FIG. 2 is a block diagram showing the configuration of an embodiment.

FIG. 3 is a block diagram showing the configuration of an embodiment.

FIG. 4 is a flowchart showing an outline of a control program.

FIG. 5 is a flowchart showing an example of a control program.

FIG. 6 is a flowchart showing an example of a control program.

FIG. 7 is a flowchart showing an example of a control program.

FIG. 8 is a flowchart showing an exposure condition determination processing routine.

FIG. 9 is a flowchart showing an exposure condition determination processing routine.

FIG. 10 is a flowchart showing an exposure condition determination processing routine.

FIG. 11 is a diagram showing an example of a photograph taken by the camera according to the present invention.

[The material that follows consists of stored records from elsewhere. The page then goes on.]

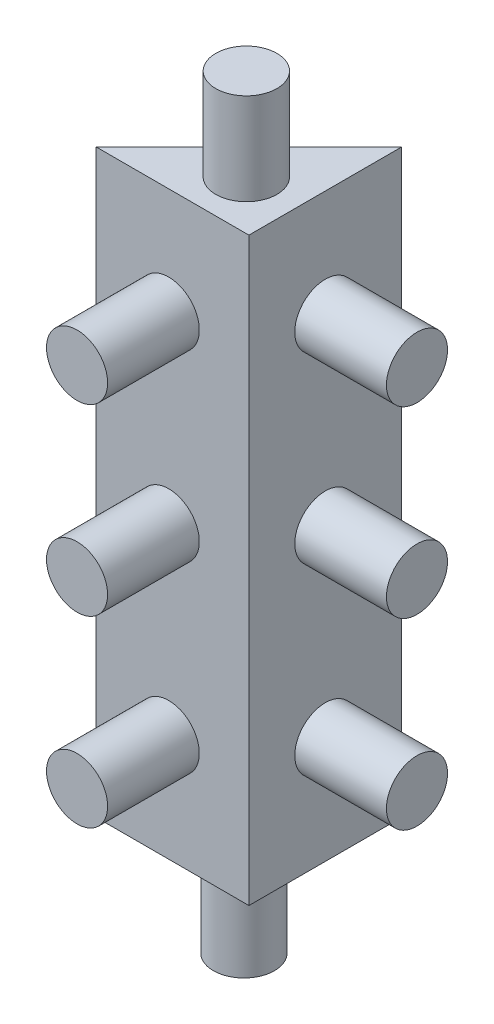
ISO-10303-21;
HEADER;
FILE_DESCRIPTION(('STEP AP214'),'2;1');
FILE_NAME('part.step','',(''),(''),'','','');
FILE_SCHEMA(('AUTOMOTIVE_DESIGN { 1 0 10303 214 1 1 1 1 }'));
ENDSEC;
DATA;
#1=APPLICATION_CONTEXT('core data for automotive mechanical design processes');
#2=APPLICATION_PROTOCOL_DEFINITION('international standard','automotive_design',2000,#1);
#3=PRODUCT_CONTEXT('',#1,'mechanical');
#4=PRODUCT('Part','Part','',(#3));
#5=PRODUCT_RELATED_PRODUCT_CATEGORY('part','',(#4));
#6=PRODUCT_DEFINITION_FORMATION('','',#4);
#7=PRODUCT_DEFINITION_CONTEXT('part definition',#1,'design');
#8=PRODUCT_DEFINITION('design','',#6,#7);
#9=PRODUCT_DEFINITION_SHAPE('','',#8);
#10=(LENGTH_UNIT() NAMED_UNIT(*) SI_UNIT(.MILLI.,.METRE.));
#11=(NAMED_UNIT(*) PLANE_ANGLE_UNIT() SI_UNIT($,.RADIAN.));
#12=(NAMED_UNIT(*) SI_UNIT($,.STERADIAN.) SOLID_ANGLE_UNIT());
#13=UNCERTAINTY_MEASURE_WITH_UNIT(LENGTH_MEASURE(1.E-05),#10,'distance_accuracy_value','');
#14=(GEOMETRIC_REPRESENTATION_CONTEXT(3) GLOBAL_UNCERTAINTY_ASSIGNED_CONTEXT((#13)) GLOBAL_UNIT_ASSIGNED_CONTEXT((#10,
#11,#12)) REPRESENTATION_CONTEXT('',''));
#15=CARTESIAN_POINT('',(0.,0.,0.));
#16=DIRECTION('',(0.,0.,1.));
#17=DIRECTION('',(1.,0.,0.));
#18=AXIS2_PLACEMENT_3D('',#15,#16,#17);
#19=CARTESIAN_POINT('',(6.66438695565709,48.26,-6.66438695565709));
#20=DIRECTION('',(-1.,0.,0.));
#21=DIRECTION('',(0.,0.,1.));
#22=AXIS2_PLACEMENT_3D('',#19,#20,#21);
#23=PLANE('',#22);
#24=CARTESIAN_POINT('',(6.66438695565709,39.37,-0.314386955657094));
#25=DIRECTION('',(-1.,0.,0.));
#26=DIRECTION('',(0.,0.,1.));
#27=AXIS2_PLACEMENT_3D('',#24,#25,#26);
#28=CIRCLE('',#27,2.54);
#29=CARTESIAN_POINT('',(6.66438695565709,39.37,2.22561304434291));
#30=VERTEX_POINT('',#29);
#31=EDGE_CURVE('E40',#30,#30,#28,.F.);
#32=ORIENTED_EDGE('',*,*,#31,.F.);
#33=EDGE_LOOP('',(#32));
#34=FACE_BOUND('',#33,.T.);
#35=CARTESIAN_POINT('',(6.66438695565709,24.13,-0.314386955657094));
#36=DIRECTION('',(-1.,0.,0.));
#37=DIRECTION('',(0.,0.,1.));
#38=AXIS2_PLACEMENT_3D('',#35,#36,#37);
#39=CIRCLE('',#38,2.54);
#40=CARTESIAN_POINT('',(6.66438695565709,24.13,2.22561304434291));
#41=VERTEX_POINT('',#40);
#42=EDGE_CURVE('E100',#41,#41,#39,.F.);
#43=ORIENTED_EDGE('',*,*,#42,.F.);
#44=EDGE_LOOP('',(#43));
#45=FACE_BOUND('',#44,.T.);
#46=CARTESIAN_POINT('',(6.66438695565709,8.89,-0.314386955657094));
#47=DIRECTION('',(-1.,0.,0.));
#48=DIRECTION('',(0.,0.,1.));
#49=AXIS2_PLACEMENT_3D('',#46,#47,#48);
#50=CIRCLE('',#49,2.54);
#51=CARTESIAN_POINT('',(6.66438695565709,8.89,2.22561304434291));
#52=VERTEX_POINT('',#51);
#53=EDGE_CURVE('E97',#52,#52,#50,.F.);
#54=ORIENTED_EDGE('',*,*,#53,.F.);
#55=EDGE_LOOP('',(#54));
#56=FACE_BOUND('',#55,.T.);
#57=DIRECTION('',(0.,0.,-1.));
#58=VECTOR('',#57,1.);
#59=CARTESIAN_POINT('',(6.66438695565709,0.,-6.66438695565709));
#60=LINE('',#59,#58);
#61=CARTESIAN_POINT('',(6.66438695565709,0.,6.03561304434291));
#62=VERTEX_POINT('',#61);
#63=CARTESIAN_POINT('',(6.66438695565709,0.,-6.66438695565709));
#64=VERTEX_POINT('',#63);
#65=EDGE_CURVE('E82',#62,#64,#60,.T.);
#66=ORIENTED_EDGE('',*,*,#65,.T.);
#67=DIRECTION('',(0.,-1.,0.));
#68=VECTOR('',#67,1.);
#69=CARTESIAN_POINT('',(6.66438695565709,48.26,-6.66438695565709));
#70=LINE('',#69,#68);
#71=CARTESIAN_POINT('',(6.66438695565709,48.26,-6.66438695565709));
#72=VERTEX_POINT('',#71);
#73=EDGE_CURVE('E72',#72,#64,#70,.T.);
#74=ORIENTED_EDGE('',*,*,#73,.F.);
#75=DIRECTION('',(0.,0.,-1.));
#76=VECTOR('',#75,1.);
#77=CARTESIAN_POINT('',(6.66438695565709,48.26,-6.66438695565709));
#78=LINE('',#77,#76);
#79=CARTESIAN_POINT('',(6.66438695565709,48.26,6.03561304434291));
#80=VERTEX_POINT('',#79);
#81=EDGE_CURVE('E75',#80,#72,#78,.T.);
#82=ORIENTED_EDGE('',*,*,#81,.F.);
#83=DIRECTION('',(0.,-1.,0.));
#84=VECTOR('',#83,1.);
#85=CARTESIAN_POINT('',(6.66438695565709,48.26,6.03561304434291));
#86=LINE('',#85,#84);
#87=EDGE_CURVE('E88',#80,#62,#86,.T.);
#88=ORIENTED_EDGE('',*,*,#87,.T.);
#89=EDGE_LOOP('',(#66,#74,#82,#88));
#90=FACE_BOUND('',#89,.T.);
#91=ADVANCED_FACE('F32',(#34,#45,#56,#90),#23,.F.);
#92=CARTESIAN_POINT('',(-6.03561304434291,48.26,6.03561304434291));
#93=DIRECTION('',(0.707106781186548,0.,0.707106781186547));
#94=DIRECTION('',(0.707106781186547,0.,-0.707106781186548));
#95=AXIS2_PLACEMENT_3D('',#92,#93,#94);
#96=PLANE('',#95);
#97=DIRECTION('',(-0.707106781186547,0.,0.707106781186548));
#98=VECTOR('',#97,1.);
#99=CARTESIAN_POINT('',(-6.03561304434291,0.,6.03561304434291));
#100=LINE('',#99,#98);
#101=CARTESIAN_POINT('',(-6.03561304434291,0.,6.03561304434291));
#102=VERTEX_POINT('',#101);
#103=EDGE_CURVE('E61',#64,#102,#100,.T.);
#104=ORIENTED_EDGE('',*,*,#103,.T.);
#105=DIRECTION('',(0.,-1.,0.));
#106=VECTOR('',#105,1.);
#107=CARTESIAN_POINT('',(-6.03561304434291,48.26,6.03561304434291));
#108=LINE('',#107,#106);
#109=CARTESIAN_POINT('',(-6.03561304434291,48.26,6.03561304434291));
#110=VERTEX_POINT('',#109);
#111=EDGE_CURVE('E74',#110,#102,#108,.T.);
#112=ORIENTED_EDGE('',*,*,#111,.F.);
#113=DIRECTION('',(-0.707106781186547,0.,0.707106781186548));
#114=VECTOR('',#113,1.);
#115=CARTESIAN_POINT('',(-6.03561304434291,48.26,6.03561304434291));
#116=LINE('',#115,#114);
#117=EDGE_CURVE('E69',#72,#110,#116,.T.);
#118=ORIENTED_EDGE('',*,*,#117,.F.);
#119=ORIENTED_EDGE('',*,*,#73,.T.);
#120=EDGE_LOOP('',(#104,#112,#118,#119));
#121=FACE_BOUND('',#120,.T.);
#122=ADVANCED_FACE('F70',(#121),#96,.F.);
#123=CARTESIAN_POINT('',(-6.03561304434291,48.26,6.03561304434291));
#124=DIRECTION('',(0.,0.,-1.));
#125=DIRECTION('',(-1.,0.,0.));
#126=AXIS2_PLACEMENT_3D('',#123,#124,#125);
#127=PLANE('',#126);
#128=CARTESIAN_POINT('',(0.,39.37,6.03561304434291));
#129=DIRECTION('',(0.,0.,-1.));
#130=DIRECTION('',(-1.,0.,0.));
#131=AXIS2_PLACEMENT_3D('',#128,#129,#130);
#132=CIRCLE('',#131,2.54);
#133=CARTESIAN_POINT('',(-2.54,39.37,6.03561304434291));
#134=VERTEX_POINT('',#133);
#135=EDGE_CURVE('E94',#134,#134,#132,.F.);
#136=ORIENTED_EDGE('',*,*,#135,.F.);
#137=EDGE_LOOP('',(#136));
#138=FACE_BOUND('',#137,.T.);
#139=CARTESIAN_POINT('',(0.,24.13,6.03561304434291));
#140=DIRECTION('',(0.,0.,-1.));
#141=DIRECTION('',(-1.,0.,0.));
#142=AXIS2_PLACEMENT_3D('',#139,#140,#141);
#143=CIRCLE('',#142,2.54);
#144=CARTESIAN_POINT('',(-2.54,24.13,6.03561304434291));
#145=VERTEX_POINT('',#144);
#146=EDGE_CURVE('E86',#145,#145,#143,.F.);
#147=ORIENTED_EDGE('',*,*,#146,.F.);
#148=EDGE_LOOP('',(#147));
#149=FACE_BOUND('',#148,.T.);
#150=CARTESIAN_POINT('',(0.,8.89,6.03561304434291));
#151=DIRECTION('',(0.,0.,-1.));
#152=DIRECTION('',(-1.,0.,0.));
#153=AXIS2_PLACEMENT_3D('',#150,#151,#152);
#154=CIRCLE('',#153,2.54);
#155=CARTESIAN_POINT('',(-2.54,8.89,6.03561304434291));
#156=VERTEX_POINT('',#155);
#157=EDGE_CURVE('E83',#156,#156,#154,.F.);
#158=ORIENTED_EDGE('',*,*,#157,.F.);
#159=EDGE_LOOP('',(#158));
#160=FACE_BOUND('',#159,.T.);
#161=DIRECTION('',(1.,0.,0.));
#162=VECTOR('',#161,1.);
#163=CARTESIAN_POINT('',(-6.03561304434291,0.,6.03561304434291));
#164=LINE('',#163,#162);
#165=EDGE_CURVE('E66',#102,#62,#164,.T.);
#166=ORIENTED_EDGE('',*,*,#165,.T.);
#167=ORIENTED_EDGE('',*,*,#87,.F.);
#168=DIRECTION('',(1.,0.,0.));
#169=VECTOR('',#168,1.);
#170=CARTESIAN_POINT('',(-6.03561304434291,48.26,6.03561304434291));
#171=LINE('',#170,#169);
#172=EDGE_CURVE('E48',#110,#80,#171,.T.);
#173=ORIENTED_EDGE('',*,*,#172,.F.);
#174=ORIENTED_EDGE('',*,*,#111,.T.);
#175=EDGE_LOOP('',(#166,#167,#173,#174));
#176=FACE_BOUND('',#175,.T.);
#177=ADVANCED_FACE('F154',(#138,#149,#160,#176),#127,.F.);
#178=CARTESIAN_POINT('',(0.,48.26,0.));
#179=DIRECTION('',(0.,1.,0.));
#180=DIRECTION('',(0.,0.,1.));
#181=AXIS2_PLACEMENT_3D('',#178,#179,#180);
#182=PLANE('',#181);
#183=CARTESIAN_POINT('',(2.36043583447517,48.26,1.94481378475693));
#184=DIRECTION('',(0.,1.,0.));
#185=DIRECTION('',(0.,0.,1.));
#186=AXIS2_PLACEMENT_3D('',#183,#184,#185);
#187=CIRCLE('',#186,2.54);
#188=CARTESIAN_POINT('',(2.36043583447517,48.26,4.48481378475693));
#189=VERTEX_POINT('',#188);
#190=EDGE_CURVE('E301',#189,#189,#187,.T.);
#191=ORIENTED_EDGE('',*,*,#190,.F.);
#192=EDGE_LOOP('',(#191));
#193=FACE_BOUND('',#192,.T.);
#194=ORIENTED_EDGE('',*,*,#81,.T.);
#195=ORIENTED_EDGE('',*,*,#117,.T.);
#196=ORIENTED_EDGE('',*,*,#172,.T.);
#197=EDGE_LOOP('',(#194,#195,#196));
#198=FACE_BOUND('',#197,.T.);
#199=ADVANCED_FACE('F78',(#193,#198),#182,.T.);
#200=CARTESIAN_POINT('',(0.,0.,0.));
#201=DIRECTION('',(0.,1.,0.));
#202=DIRECTION('',(0.,0.,1.));
#203=AXIS2_PLACEMENT_3D('',#200,#201,#202);
#204=PLANE('',#203);
#205=CARTESIAN_POINT('',(2.25920074041402,0.,2.04604887881808));
#206=DIRECTION('',(0.,1.,0.));
#207=DIRECTION('',(0.,0.,1.));
#208=AXIS2_PLACEMENT_3D('',#205,#206,#207);
#209=CIRCLE('',#208,2.54);
#210=CARTESIAN_POINT('',(2.25920074041402,0.,4.58604887881808));
#211=VERTEX_POINT('',#210);
#212=EDGE_CURVE('E11',#211,#211,#209,.F.);
#213=ORIENTED_EDGE('',*,*,#212,.F.);
#214=EDGE_LOOP('',(#213));
#215=FACE_BOUND('',#214,.T.);
#216=ORIENTED_EDGE('',*,*,#65,.F.);
#217=ORIENTED_EDGE('',*,*,#165,.F.);
#218=ORIENTED_EDGE('',*,*,#103,.F.);
#219=EDGE_LOOP('',(#216,#217,#218));
#220=FACE_BOUND('',#219,.T.);
#221=ADVANCED_FACE('F150',(#215,#220),#204,.F.);
#222=CARTESIAN_POINT('',(0.,8.89,13.6556130443429));
#223=DIRECTION('',(0.,0.,-1.));
#224=DIRECTION('',(-1.,0.,0.));
#225=AXIS2_PLACEMENT_3D('',#222,#223,#224);
#226=CYLINDRICAL_SURFACE('',#225,2.54);
#227=CARTESIAN_POINT('',(0.,8.89,13.6556130443429));
#228=DIRECTION('',(0.,0.,1.));
#229=DIRECTION('',(1.,0.,0.));
#230=AXIS2_PLACEMENT_3D('',#227,#228,#229);
#231=CIRCLE('',#230,2.54);
#232=CARTESIAN_POINT('',(-2.54,8.89,13.6556130443429));
#233=VERTEX_POINT('',#232);
#234=EDGE_CURVE('E323',#233,#233,#231,.T.);
#235=CARTESIAN_POINT('',(-2.54,8.89,13.6556130443429));
#236=CARTESIAN_POINT('',(-2.54,8.89,13.5762380443429));
#237=CARTESIAN_POINT('',(-2.54,8.89,13.4968630443429));
#238=CARTESIAN_POINT('',(-2.54,8.89,13.3381130443429));
#239=CARTESIAN_POINT('',(-2.54,8.89,13.2587380443429));
#240=CARTESIAN_POINT('',(-2.54,8.89,13.0999880443429));
#241=CARTESIAN_POINT('',(-2.54,8.89,13.0206130443429));
#242=CARTESIAN_POINT('',(-2.54,8.89,12.8618630443429));
#243=CARTESIAN_POINT('',(-2.54,8.89,12.7824880443429));
#244=CARTESIAN_POINT('',(-2.54,8.89,12.6237380443429));
#245=CARTESIAN_POINT('',(-2.54,8.89,12.5443630443429));
#246=CARTESIAN_POINT('',(-2.54,8.89,12.3856130443429));
#247=CARTESIAN_POINT('',(-2.54,8.89,12.3062380443429));
#248=CARTESIAN_POINT('',(-2.54,8.89,12.1474880443429));
#249=CARTESIAN_POINT('',(-2.54,8.89,12.0681130443429));
#250=CARTESIAN_POINT('',(-2.54,8.89,11.9093630443429));
#251=CARTESIAN_POINT('',(-2.54,8.89,11.8299880443429));
#252=CARTESIAN_POINT('',(-2.54,8.89,11.6712380443429));
#253=CARTESIAN_POINT('',(-2.54,8.89,11.5918630443429));
#254=CARTESIAN_POINT('',(-2.54,8.89,11.4331130443429));
#255=CARTESIAN_POINT('',(-2.54,8.89,11.3537380443429));
#256=CARTESIAN_POINT('',(-2.54,8.89,11.1949880443429));
#257=CARTESIAN_POINT('',(-2.54,8.89,11.1156130443429));
#258=CARTESIAN_POINT('',(-2.54,8.89,10.9568630443429));
#259=CARTESIAN_POINT('',(-2.54,8.89,10.8774880443429));
#260=CARTESIAN_POINT('',(-2.54,8.89,10.7187380443429));
#261=CARTESIAN_POINT('',(-2.54,8.89,10.6393630443429));
#262=CARTESIAN_POINT('',(-2.54,8.89,10.4806130443429));
#263=CARTESIAN_POINT('',(-2.54,8.89,10.4012380443429));
#264=CARTESIAN_POINT('',(-2.54,8.89,10.2424880443429));
#265=CARTESIAN_POINT('',(-2.54,8.89,10.1631130443429));
#266=CARTESIAN_POINT('',(-2.54,8.89,10.0043630443429));
#267=CARTESIAN_POINT('',(-2.54,8.89,9.9249880443429));
#268=CARTESIAN_POINT('',(-2.54,8.89,9.7662380443429));
#269=CARTESIAN_POINT('',(-2.54,8.89,9.68686304434291));
#270=CARTESIAN_POINT('',(-2.54,8.89,9.52811304434291));
#271=CARTESIAN_POINT('',(-2.54,8.89,9.44873804434291));
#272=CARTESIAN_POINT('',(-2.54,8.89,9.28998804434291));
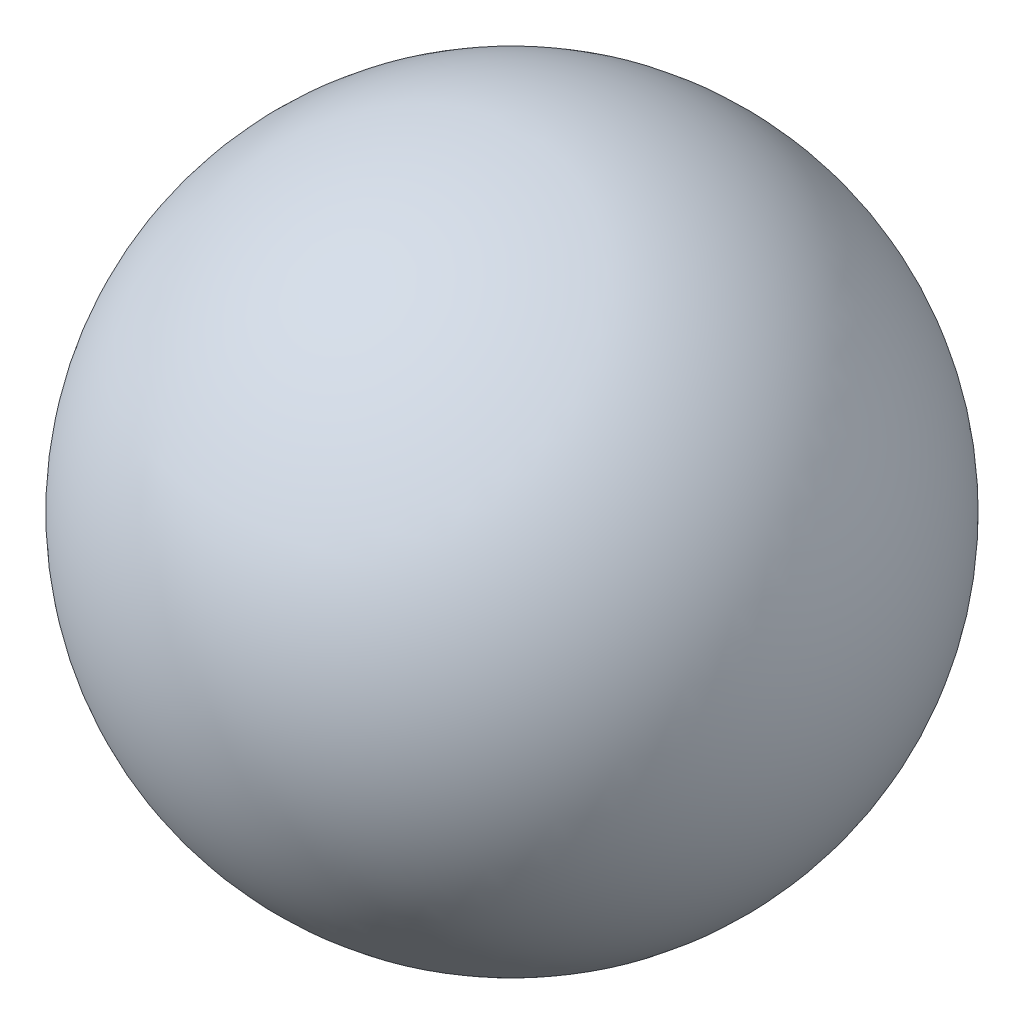
ISO-10303-21;
HEADER;
FILE_DESCRIPTION(('STEP AP214'),'2;1');
FILE_NAME('part.step','',(''),(''),'','','');
FILE_SCHEMA(('AUTOMOTIVE_DESIGN { 1 0 10303 214 1 1 1 1 }'));
ENDSEC;
DATA;
#1=APPLICATION_CONTEXT('core data for automotive mechanical design processes');
#2=APPLICATION_PROTOCOL_DEFINITION('international standard','automotive_design',2000,#1);
#3=PRODUCT_CONTEXT('',#1,'mechanical');
#4=PRODUCT('Part','Part','',(#3));
#5=PRODUCT_RELATED_PRODUCT_CATEGORY('part','',(#4));
#6=PRODUCT_DEFINITION_FORMATION('','',#4);
#7=PRODUCT_DEFINITION_CONTEXT('part definition',#1,'design');
#8=PRODUCT_DEFINITION('design','',#6,#7);
#9=PRODUCT_DEFINITION_SHAPE('','',#8);
#10=(LENGTH_UNIT() NAMED_UNIT(*) SI_UNIT(.MILLI.,.METRE.));
#11=(NAMED_UNIT(*) PLANE_ANGLE_UNIT() SI_UNIT($,.RADIAN.));
#12=(NAMED_UNIT(*) SI_UNIT($,.STERADIAN.) SOLID_ANGLE_UNIT());
#13=UNCERTAINTY_MEASURE_WITH_UNIT(LENGTH_MEASURE(1.E-05),#10,'distance_accuracy_value','');
#14=(GEOMETRIC_REPRESENTATION_CONTEXT(3) GLOBAL_UNCERTAINTY_ASSIGNED_CONTEXT((#13)) GLOBAL_UNIT_ASSIGNED_CONTEXT((#10,
#11,#12)) REPRESENTATION_CONTEXT('',''));
#15=CARTESIAN_POINT('',(0.,0.,0.));
#16=DIRECTION('',(0.,0.,1.));
#17=DIRECTION('',(1.,0.,0.));
#18=AXIS2_PLACEMENT_3D('',#15,#16,#17);
#19=CARTESIAN_POINT('',(0.,120.,0.));
#20=DIRECTION('',(0.,-1.,0.));
#21=DIRECTION('',(-1.,0.,0.));
#22=AXIS2_PLACEMENT_3D('',#19,#20,#21);
#23=SPHERICAL_SURFACE('',#22,120.);
#24=CARTESIAN_POINT('',(0.,0.,0.));
#25=VERTEX_POINT('',#24);
#26=VERTEX_LOOP('',#25);
#27=FACE_BOUND('',#26,.T.);
#28=ADVANCED_FACE('F36',(#27),#23,.T.);
#29=CLOSED_SHELL('',(#28));
#30=MANIFOLD_SOLID_BREP('B2',#29);
#31=ADVANCED_BREP_SHAPE_REPRESENTATION('',(#18,#30),#14);
#32=SHAPE_DEFINITION_REPRESENTATION(#9,#31);
ENDSEC;
END-ISO-10303-21;

FIG. 12 is a diagram showing an example of a photograph taken by the camera of the present invention.

[Explanation of symbols]

10 lenses 11 Shooting lens 20 camera body 23 AF module 24 Focus detection optical system 25 CCD 30 AFCPU 50 AF motor 60 Release button 61 Piece speed mode selection button 62 Focus mode selection button 64 communication bus 70 Main CPU 101 focus detection means 102 moving direction detecting means 103 Automatic shift control means 104, 104A, 104B, 104C Order determination means 105 selection means

Claims (4)

[Claims] 1. A focus detecting means for detecting a defocus amount corresponding to a shift amount between an image plane of a photographing lens and a planned focal plane, and the photographing based on the defocus amount detected by the focus detecting means. Moving direction detecting means for detecting the moving direction of the object along the optical axis of the lens, and automatic shifting for sequentially performing photographing operation while shifting at least one of the aperture and shutter speed by a predetermined number of steps over a predetermined number of frames. An automatic exposure condition shift camera including a control unit, and an order determination unit that determines a setting order of at least one of an aperture and a shutter speed in the sequential shooting operation based on a detection result of the moving direction detection unit. A camera that automatically shifts the exposure conditions. 2. The automatic exposure condition shifting camera according to claim 1, wherein the order determining means detects that the subject is moving in a direction approaching the camera by the moving direction detecting means. When it is determined that the aperture for each exposure in the sequential shooting operation is to be reduced, and it is detected that the subject is moving in a direction away from the camera,
The automatic exposure condition shift camera, which determines the opening order for each exposure. 3. The automatic exposure condition shifting camera according to claim 1, wherein the order determining means detects that the subject is moving in a direction approaching the camera by the moving direction detecting means. The shutter speed for each exposure in the sequential shooting operation is determined in order of increasing, and when it is detected that the subject is moving away from the camera, the shutter speed for each exposure is determined in order of decreasing. Characteristic automatic exposure condition shift camera. 4. The automatic exposure condition shifting camera according to claim 1, further comprising a selection unit for selecting an aperture priority mode and a shutter speed priority mode, wherein the order determination unit is the shutter speed priority mode by the selection unit. When is selected, when the moving direction detecting unit detects that the subject is moving in a direction approaching the camera, it is determined in the order of narrowing the aperture for each exposure in the sequential shooting operation. However, when it is detected that the subject is moving in a direction away from the camera, it is determined in the order of opening the aperture for each exposure, and when the aperture priority mode is selected by the selection unit, When the moving direction detecting means detects that the subject is moving in a direction approaching the camera, the sequential shooting motion is detected. In the order of increasing the shutter speed for each exposure, and when it is detected that the subject is moving away from the camera, the shutter speed for each exposure is determined in the order of decreasing. Exposure condition shift camera.